Note that a field-space $(F,+,\bullet )$ is a nice-space $(F,+)$ that we equip with a natural-product $\bullet$ s.t. $(F^{\ast },\bullet )$ is also a nice-space. It would be shorter to ask for $+$ and $\bullet$ to be both nice-products, but the definition of field is inspired in the rational-numbers where 0 (i.e. $e_{+}$) doesn’t have an inverse-element under multiplication $\bullet$, i.e. $(\mathbb{Q},\bullet )$ is not a nice-space, but $({\mathbb{Q}}^{\ast },\bullet )$ is, and therefore we can say that $(\mathbb{Q},+,\bullet )$ is a field-space. You can also check that the natural-numbers with addition $(\mathbb{N},+)$ is a natural-space, and the integer-numbers with addition $(\mathbb{Z},+)$ is a nice-space.

Given a field-space $(F,{+}_F,\bullet )$ and a nice-space $(V,+)$, a vector-scaling-map ${\bullet }_F$ is a map ${\bullet }_F:F\times V\to V$ that is “kind of a ring-product”, in the sense that it is left-distributive over $+$ and ${+}_F$, “unital” ($\exists e\in F:\forall \mathbf{v}\in V:e\cdot \mathbf{v}=\mathbf{v}$), and “associative” ($\forall a,b\in F:\forall \mathbf{v}\in V:a\cdot (b\cdot \mathbf{v})=(a\bullet b)\cdot \mathbf{v}$) (the "" are because in the definition of these terms the elements were from the same set). A nice-space $(V,+)$ that is equipped with a vector-scaling-map ${\bullet }_F$ is known as a vector-space $(V,+,{\bullet }_F)$.

The maps added to the set of an space are called its structure. E.g. $\bullet$ in a monoid-space, $+$ and $\bullet$ in a ring-space, $+$ and ${\bullet }_F$ in a vector-space, etc. Given two spaces, e.g. $(X,\bullet )$ and $(Y,\circ )$, an homomorphism is a map that preserves the structure, i.e. a map $h:X\to Y$ s.t. $h(x_1\bullet x_2)=h(x_1)\circ h(x_2)$ for all $x_1,x_2\in X$, and if $\bullet$ is unital, we also want that $h(e_X)=e_Y$, and if $\bullet$ is satisfies the inverse-property, we also want $h(x^{-1})=h(x{)}^{-1}$. If the spaces are group-spaces, the map is called a group-homomorphism, if are ring-spaces is called a ring-homomorphism, etc. In the case of group-homomorphisms asking $h(x_1\bullet x_2)=h(x_1)\circ h(x_2)$ already assures us of the preservation of unity and the inverse. In the case of ring-homomorphism $h:(R,+,\bullet )\to (S,\oplus ,\circ )$ since $(R,+)$ is a nice-space, we need for $+$ also just to only ask $h(r_1+r_2)=h(r_1)\oplus h(r_2)$, but since $\bullet$ is a monoid, not a group we have to ask in addition to $h(r_1\bullet r_2)=h(r_1)\circ h(r_2)$, for the preservation of unity, i.e. $h(e_R)=e_S$. For a vector-homomorphism $h:(V,+,{\bullet }_F)\to (W,\oplus ,{\circ }_F)$ we need again for $+$ (being $(V,+)$ a nice-space) just to ask $h(v_1+v_2)=h(v_1)\oplus h(v_2)$ and for the vector-scaling-map ${\bullet }_F$ just to satisfy $h(\lambda {\bullet }_{F}v)=\lambda {\circ }_{F}h(v)$.

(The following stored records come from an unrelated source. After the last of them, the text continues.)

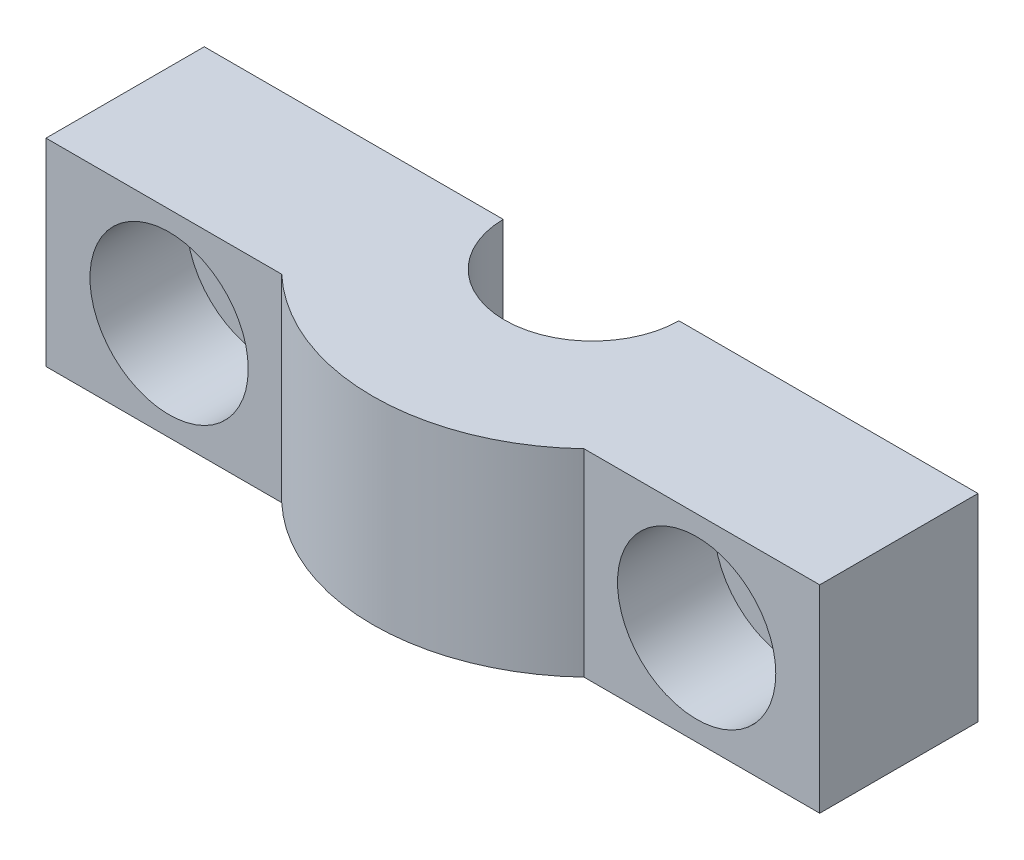
ISO-10303-21;
HEADER;
FILE_DESCRIPTION(('STEP AP214'),'2;1');
FILE_NAME('part.step','',(''),(''),'','','');
FILE_SCHEMA(('AUTOMOTIVE_DESIGN { 1 0 10303 214 1 1 1 1 }'));
ENDSEC;
DATA;
#1=APPLICATION_CONTEXT('core data for automotive mechanical design processes');
#2=APPLICATION_PROTOCOL_DEFINITION('international standard','automotive_design',2000,#1);
#3=PRODUCT_CONTEXT('',#1,'mechanical');
#4=PRODUCT('Part','Part','',(#3));
#5=PRODUCT_RELATED_PRODUCT_CATEGORY('part','',(#4));
#6=PRODUCT_DEFINITION_FORMATION('','',#4);
#7=PRODUCT_DEFINITION_CONTEXT('part definition',#1,'design');
#8=PRODUCT_DEFINITION('design','',#6,#7);
#9=PRODUCT_DEFINITION_SHAPE('','',#8);
#10=(LENGTH_UNIT() NAMED_UNIT(*) SI_UNIT(.MILLI.,.METRE.));
#11=(NAMED_UNIT(*) PLANE_ANGLE_UNIT() SI_UNIT($,.RADIAN.));
#12=(NAMED_UNIT(*) SI_UNIT($,.STERADIAN.) SOLID_ANGLE_UNIT());
#13=UNCERTAINTY_MEASURE_WITH_UNIT(LENGTH_MEASURE(1.E-05),#10,'distance_accuracy_value','');
#14=(GEOMETRIC_REPRESENTATION_CONTEXT(3) GLOBAL_UNCERTAINTY_ASSIGNED_CONTEXT((#13)) GLOBAL_UNIT_ASSIGNED_CONTEXT((#10,
#11,#12)) REPRESENTATION_CONTEXT('',''));
#15=CARTESIAN_POINT('',(0.,0.,0.));
#16=DIRECTION('',(0.,0.,1.));
#17=DIRECTION('',(1.,0.,0.));
#18=AXIS2_PLACEMENT_3D('',#15,#16,#17);
#19=CARTESIAN_POINT('',(-15.,5.625,-5.9238242869548));
#20=DIRECTION('',(0.,0.,1.));
#21=DIRECTION('',(1.,0.,0.));
#22=AXIS2_PLACEMENT_3D('',#19,#20,#21);
#23=CYLINDRICAL_SURFACE('',#22,1.75);
#24=CARTESIAN_POINT('',(-15.,5.625,0.0761757130452031));
#25=DIRECTION('',(0.,0.,1.));
#26=DIRECTION('',(1.,0.,0.));
#27=AXIS2_PLACEMENT_3D('',#24,#25,#26);
#28=CIRCLE('',#27,1.75);
#29=CARTESIAN_POINT('',(-13.25,5.625,0.0761757130452023));
#30=VERTEX_POINT('',#29);
#31=EDGE_CURVE('E161',#30,#30,#28,.T.);
#32=CARTESIAN_POINT('',(-15.,5.625,3.5761757130452));
#33=DIRECTION('',(0.,0.,1.));
#34=DIRECTION('',(1.,0.,0.));
#35=AXIS2_PLACEMENT_3D('',#32,#33,#34);
#36=CIRCLE('',#35,1.75);
#37=CARTESIAN_POINT('',(-13.25,5.625,3.5761757130452));
#38=VERTEX_POINT('',#37);
#39=EDGE_CURVE('E38',#38,#38,#36,.F.);
#40=CARTESIAN_POINT('',(-13.25,5.625,0.0761757130452023));
#41=CARTESIAN_POINT('',(-13.25,5.625,0.112634046378536));
#42=CARTESIAN_POINT('',(-13.25,5.625,0.149092379711869));
#43=CARTESIAN_POINT('',(-13.25,5.625,0.222009046378536));
#44=CARTESIAN_POINT('',(-13.25,5.625,0.258467379711869));
#45=CARTESIAN_POINT('',(-13.25,5.625,0.331384046378536));
#46=CARTESIAN_POINT('',(-13.25,5.625,0.367842379711869));
#47=CARTESIAN_POINT('',(-13.25,5.625,0.440759046378536));
#48=CARTESIAN_POINT('',(-13.25,5.625,0.477217379711869));
#49=CARTESIAN_POINT('',(-13.25,5.625,0.550134046378536));
#50=CARTESIAN_POINT('',(-13.25,5.625,0.586592379711869));
#51=CARTESIAN_POINT('',(-13.25,5.625,0.659509046378536));
#52=CARTESIAN_POINT('',(-13.25,5.625,0.69596737971187));
#53=CARTESIAN_POINT('',(-13.25,5.625,0.768884046378536));
#54=CARTESIAN_POINT('',(-13.25,5.625,0.80534237971187));
#55=CARTESIAN_POINT('',(-13.25,5.625,0.878259046378536));
#56=CARTESIAN_POINT('',(-13.25,5.625,0.91471737971187));
#57=CARTESIAN_POINT('',(-13.25,5.625,0.987634046378536));
#58=CARTESIAN_POINT('',(-13.25,5.625,1.02409237971187));
#59=CARTESIAN_POINT('',(-13.25,5.625,1.09700904637854));
#60=CARTESIAN_POINT('',(-13.25,5.625,1.13346737971187));
#61=CARTESIAN_POINT('',(-13.25,5.625,1.20638404637854));
#62=CARTESIAN_POINT('',(-13.25,5.625,1.24284237971187));
#63=CARTESIAN_POINT('',(-13.25,5.625,1.31575904637854));
#64=CARTESIAN_POINT('',(-13.25,5.625,1.35221737971187));
#65=CARTESIAN_POINT('',(-13.25,5.625,1.42513404637854));
#66=CARTESIAN_POINT('',(-13.25,5.625,1.46159237971187));
#67=CARTESIAN_POINT('',(-13.25,5.625,1.53450904637854));
#68=CARTESIAN_POINT('',(-13.25,5.625,1.57096737971187));
#69=CARTESIAN_POINT('',(-13.25,5.625,1.64388404637854));
#70=CARTESIAN_POINT('',(-13.25,5.625,1.68034237971187));
#71=CARTESIAN_POINT('',(-13.25,5.625,1.75325904637854));
#72=CARTESIAN_POINT('',(-13.25,5.625,1.78971737971187));
#73=CARTESIAN_POINT('',(-13.25,5.625,1.86263404637854));
#74=CARTESIAN_POINT('',(-13.25,5.625,1.89909237971187));
#75=CARTESIAN_POINT('',(-13.25,5.625,1.97200904637854));
#76=CARTESIAN_POINT('',(-13.25,5.625,2.00846737971187));
#77=CARTESIAN_POINT('',(-13.25,5.625,2.08138404637854));
#78=CARTESIAN_POINT('',(-13.25,5.625,2.11784237971187));
#79=CARTESIAN_POINT('',(-13.25,5.625,2.19075904637854));
#80=CARTESIAN_POINT('',(-13.25,5.625,2.22721737971187));
#81=CARTESIAN_POINT('',(-13.25,5.625,2.30013404637854));
#82=CARTESIAN_POINT('',(-13.25,5.625,2.33659237971187));
#83=CARTESIAN_POINT('',(-13.25,5.625,2.40950904637854));
#84=CARTESIAN_POINT('',(-13.25,5.625,2.44596737971187));
#85=CARTESIAN_POINT('',(-13.25,5.625,2.51888404637854));
#86=CARTESIAN_POINT('',(-13.25,5.625,2.55534237971187));
#87=CARTESIAN_POINT('',(-13.25,5.625,2.62825904637854));
#88=CARTESIAN_POINT('',(-13.25,5.625,2.66471737971187));
#89=CARTESIAN_POINT('',(-13.25,5.625,2.73763404637854));
#90=CARTESIAN_POINT('',(-13.25,5.625,2.77409237971187));
#91=CARTESIAN_POINT('',(-13.25,5.625,2.84700904637854));
#92=CARTESIAN_POINT('',(-13.25,5.625,2.88346737971187));
#93=CARTESIAN_POINT('',(-13.25,5.625,2.95638404637854));
#94=CARTESIAN_POINT('',(-13.25,5.625,2.99284237971187));
#95=CARTESIAN_POINT('',(-13.25,5.625,3.06575904637854));
#96=CARTESIAN_POINT('',(-13.25,5.625,3.10221737971187));
#97=CARTESIAN_POINT('',(-13.25,5.625,3.17513404637854));
#98=CARTESIAN_POINT('',(-13.25,5.625,3.21159237971187));
#99=CARTESIAN_POINT('',(-13.25,5.625,3.28450904637854));
#100=CARTESIAN_POINT('',(-13.25,5.625,3.32096737971187));
#101=CARTESIAN_POINT('',(-13.25,5.625,3.39388404637854));
#102=CARTESIAN_POINT('',(-13.25,5.625,3.43034237971187));
#103=CARTESIAN_POINT('',(-13.25,5.625,3.50325904637854));
#104=CARTESIAN_POINT('',(-13.25,5.625,3.53971737971187));
#105=CARTESIAN_POINT('',(-13.25,5.625,3.5761757130452));
#106=B_SPLINE_CURVE_WITH_KNOTS('',3,(#40,#41,#42,#43,#44,#45,#46,#47,#48,#49,#50,#51,#52,#53,
#54,#55,#56,#57,#58,#59,#60,#61,#62,#63,#64,#65,#66,#67,#68,#69,#70,#71,#72,#73,#74,#75,#76,#77,
#78,#79,#80,#81,#82,#83,#84,#85,#86,#87,#88,#89,#90,#91,#92,#93,#94,#95,#96,#97,#98,#99,#100,
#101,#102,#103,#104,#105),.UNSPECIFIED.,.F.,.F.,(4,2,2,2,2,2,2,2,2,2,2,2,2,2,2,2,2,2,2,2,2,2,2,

A vector-homomorphism is historically better known as a linear-map.

Any homomorphism that is injective is called a monomorphism, e.g. an injective group-homomorphism is called a group-monomorphism, an injective linear-map is called a linear-monomorphism, etc. If the homomorphism is surjective, we use the word epimorphism, and if it’s bijective we use the word isomophism (e.g. ring-isomorphism, linear-isomorphism, etc.). If the domain and codomain of the homomorphism are the same ($h:G\to G$) we call it an endomorphism. Finally, an endomorphism that is bijective (and therefore also an isomorphism) is called an automorphism.

A map $m:V_1\times V_2\times \cdots \times V_n\to W$ from the cartesian-product of $n$ vector-spaces $V_i$ to the also vector-space $W$ (all over the same field $F$) is a multilinear-map if for each of the $n$ inputs it’s a linear-map when all the inputs are fixed.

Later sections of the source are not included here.